Finn’s mom has been Overtaken, and they can no longer trust her while Gladis Philby, Philby’s mom, is their chaperone on the trip.

Two of the six DHIs who have been created from Cast Members to augment the original Keepers have been placed onboard to help: Kenny Carlson and Bart.

Captain Cederberg is captain of the Disney Dream; Robert “Uncle Bob” Heinemann is the security officer Wayne told the kids to trust—oops; Clayton Freeman, a security wizard, has seen too much to brush the kids off without thought; Rafina is a fellow security officer; and, Storey Ming is a member of the crew helping the Keepers. Andy Meyers is a film director shooting a Disney Channel 365, and Jodi Bennett is a Disney Cruise Line executive who is managing the shoot.

Cast Members and characters of the Disney theme parks have begun to take sides. They think of Wayne Kresky, the head of the Imagineers, as the Elder. He’s the one who pulled the DHIs into this troupe of fighters.

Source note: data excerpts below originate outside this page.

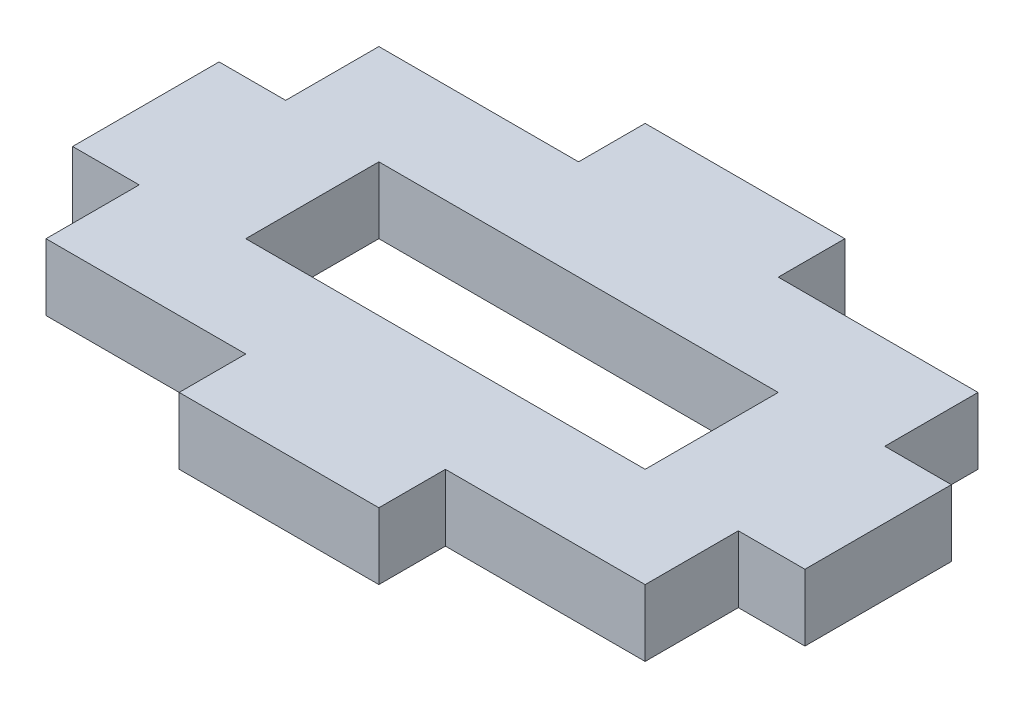
ISO-10303-21;
HEADER;
FILE_DESCRIPTION(('STEP AP214'),'2;1');
FILE_NAME('part.step','',(''),(''),'','','');
FILE_SCHEMA(('AUTOMOTIVE_DESIGN { 1 0 10303 214 1 1 1 1 }'));
ENDSEC;
DATA;
#1=APPLICATION_CONTEXT('core data for automotive mechanical design processes');
#2=APPLICATION_PROTOCOL_DEFINITION('international standard','automotive_design',2000,#1);
#3=PRODUCT_CONTEXT('',#1,'mechanical');
#4=PRODUCT('Part','Part','',(#3));
#5=PRODUCT_RELATED_PRODUCT_CATEGORY('part','',(#4));
#6=PRODUCT_DEFINITION_FORMATION('','',#4);
#7=PRODUCT_DEFINITION_CONTEXT('part definition',#1,'design');
#8=PRODUCT_DEFINITION('design','',#6,#7);
#9=PRODUCT_DEFINITION_SHAPE('','',#8);
#10=(LENGTH_UNIT() NAMED_UNIT(*) SI_UNIT(.MILLI.,.METRE.));
#11=(NAMED_UNIT(*) PLANE_ANGLE_UNIT() SI_UNIT($,.RADIAN.));
#12=(NAMED_UNIT(*) SI_UNIT($,.STERADIAN.) SOLID_ANGLE_UNIT());
#13=UNCERTAINTY_MEASURE_WITH_UNIT(LENGTH_MEASURE(1.E-05),#10,'distance_accuracy_value','');
#14=(GEOMETRIC_REPRESENTATION_CONTEXT(3) GLOBAL_UNCERTAINTY_ASSIGNED_CONTEXT((#13)) GLOBAL_UNIT_ASSIGNED_CONTEXT((#10,
#11,#12)) REPRESENTATION_CONTEXT('',''));
#15=CARTESIAN_POINT('',(0.,0.,0.));
#16=DIRECTION('',(0.,0.,1.));
#17=DIRECTION('',(1.,0.,0.));
#18=AXIS2_PLACEMENT_3D('',#15,#16,#17);
#19=CARTESIAN_POINT('',(0.,5.,0.));
#20=DIRECTION('',(0.,-1.,0.));
#21=DIRECTION('',(0.,0.,-1.));
#22=AXIS2_PLACEMENT_3D('',#19,#20,#21);
#23=PLANE('',#22);
#24=DIRECTION('',(0.,0.,-1.));
#25=VECTOR('',#24,1.);
#26=CARTESIAN_POINT('',(22.5,5.,-5.5));
#27=LINE('',#26,#25);
#28=CARTESIAN_POINT('',(22.5,5.,-5.5));
#29=VERTEX_POINT('',#28);
#30=CARTESIAN_POINT('',(22.5,5.,-12.5));
#31=VERTEX_POINT('',#30);
#32=EDGE_CURVE('E230',#29,#31,#27,.T.);
#33=ORIENTED_EDGE('',*,*,#32,.T.);
#34=DIRECTION('',(-1.,0.,0.));
#35=VECTOR('',#34,1.);
#36=CARTESIAN_POINT('',(7.5,5.,-12.5));
#37=LINE('',#36,#35);
#38=CARTESIAN_POINT('',(7.5,5.,-12.5));
#39=VERTEX_POINT('',#38);
#40=EDGE_CURVE('E233',#31,#39,#37,.T.);
#41=ORIENTED_EDGE('',*,*,#40,.T.);
#42=DIRECTION('',(0.,0.,-1.));
#43=VECTOR('',#42,1.);
#44=CARTESIAN_POINT('',(7.5,5.,-12.5));
#45=LINE('',#44,#43);
#46=CARTESIAN_POINT('',(7.50000000000001,5.,-17.5));
#47=VERTEX_POINT('',#46);
#48=EDGE_CURVE('E236',#39,#47,#45,.T.);
#49=ORIENTED_EDGE('',*,*,#48,.T.);
#50=DIRECTION('',(-1.,0.,0.));
#51=VECTOR('',#50,1.);
#52=CARTESIAN_POINT('',(-7.49999999999999,5.,-17.5));
#53=LINE('',#52,#51);
#54=CARTESIAN_POINT('',(-7.49999999999999,5.,-17.5));
#55=VERTEX_POINT('',#54);
#56=EDGE_CURVE('E238',#47,#55,#53,.T.);
#57=ORIENTED_EDGE('',*,*,#56,.T.);
#58=DIRECTION('',(0.,0.,1.));
#59=VECTOR('',#58,1.);
#60=CARTESIAN_POINT('',(-7.5,5.,-12.5));
#61=LINE('',#60,#59);
#62=CARTESIAN_POINT('',(-7.5,5.,-12.5));
#63=VERTEX_POINT('',#62);
#64=EDGE_CURVE('E240',#55,#63,#61,.T.);
#65=ORIENTED_EDGE('',*,*,#64,.T.);
#66=DIRECTION('',(-1.,0.,0.));
#67=VECTOR('',#66,1.);
#68=CARTESIAN_POINT('',(-22.5,5.,-12.5));
#69=LINE('',#68,#67);
#70=CARTESIAN_POINT('',(-22.5,5.,-12.5));
#71=VERTEX_POINT('',#70);
#72=EDGE_CURVE('E242',#63,#71,#69,.T.);
#73=ORIENTED_EDGE('',*,*,#72,.T.);
#74=DIRECTION('',(0.,0.,1.));
#75=VECTOR('',#74,1.);
#76=CARTESIAN_POINT('',(-22.5,5.,-5.5));
#77=LINE('',#76,#75);
#78=CARTESIAN_POINT('',(-22.5,5.,-5.5));
#79=VERTEX_POINT('',#78);
#80=EDGE_CURVE('E244',#71,#79,#77,.T.);
#81=ORIENTED_EDGE('',*,*,#80,.T.);
#82=DIRECTION('',(-1.,0.,0.));
#83=VECTOR('',#82,1.);
#84=CARTESIAN_POINT('',(-22.5,5.,-5.5));
#85=LINE('',#84,#83);
#86=CARTESIAN_POINT('',(-27.5,5.,-5.5));
#87=VERTEX_POINT('',#86);
#88=EDGE_CURVE('E246',#79,#87,#85,.T.);
#89=ORIENTED_EDGE('',*,*,#88,.T.);
#90=DIRECTION('',(0.,0.,1.));
#91=VECTOR('',#90,1.);
#92=CARTESIAN_POINT('',(-27.5,5.,-5.5));
#93=LINE('',#92,#91);
#94=CARTESIAN_POINT('',(-27.5,5.,5.5));
#95=VERTEX_POINT('',#94);
#96=EDGE_CURVE('E248',#87,#95,#93,.T.);
#97=ORIENTED_EDGE('',*,*,#96,.T.);
#98=DIRECTION('',(1.,0.,0.));
#99=VECTOR('',#98,1.);
#100=CARTESIAN_POINT('',(-22.5,5.,5.5));
#101=LINE('',#100,#99);
#102=CARTESIAN_POINT('',(-22.5,5.,5.5));
#103=VERTEX_POINT('',#102);
#104=EDGE_CURVE('E250',#95,#103,#101,.T.);
#105=ORIENTED_EDGE('',*,*,#104,.T.);
#106=DIRECTION('',(0.,0.,1.));
#107=VECTOR('',#106,1.);
#108=CARTESIAN_POINT('',(-22.5,5.,12.5));
#109=LINE('',#108,#107);
#110=CARTESIAN_POINT('',(-22.5,5.,12.5));
#111=VERTEX_POINT('',#110);
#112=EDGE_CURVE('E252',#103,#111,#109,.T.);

Maleficent, the nasty witch from Sleeping Beauty, the Evil Queen, and Tia Dalma are working together to bring Chernabog completely to life. Somehow Maleficent has spelled other middleschoolers to do their dirty work—recognizable by their green eyes. Greg “Lousy” Luowski is one of them! And he has embraced the mayhem. Although…they’re starting to ask too much. Others who have been turned include Dixon, Victor, and Joe College.

The DHIs are Disney Host Interactives, a.k.a., Daylight Hologram Imaging, holograms which act as Park hosts for Disney. What most people don’t know is that “their holograms had been engineered by Disney’s Imagineers to do battle with…the Overtakers” (OTs), a dark force that includes the evil villains of Disney, eager to take over the world.

The Cover and Title

The cover carries on from Shell Game when Finn and Willa jump from the Disney cruise ship to escape the hyenas with Finn diving right at us and Willa running in mid-air while Tia Dalma looms large over all.

The title is part of life as Maleficent intones, that Dark Passage when “one must face one’s demons”, but Maleficent doesn’t understand that the kids have already faced one such passage, even as they must still endure the other.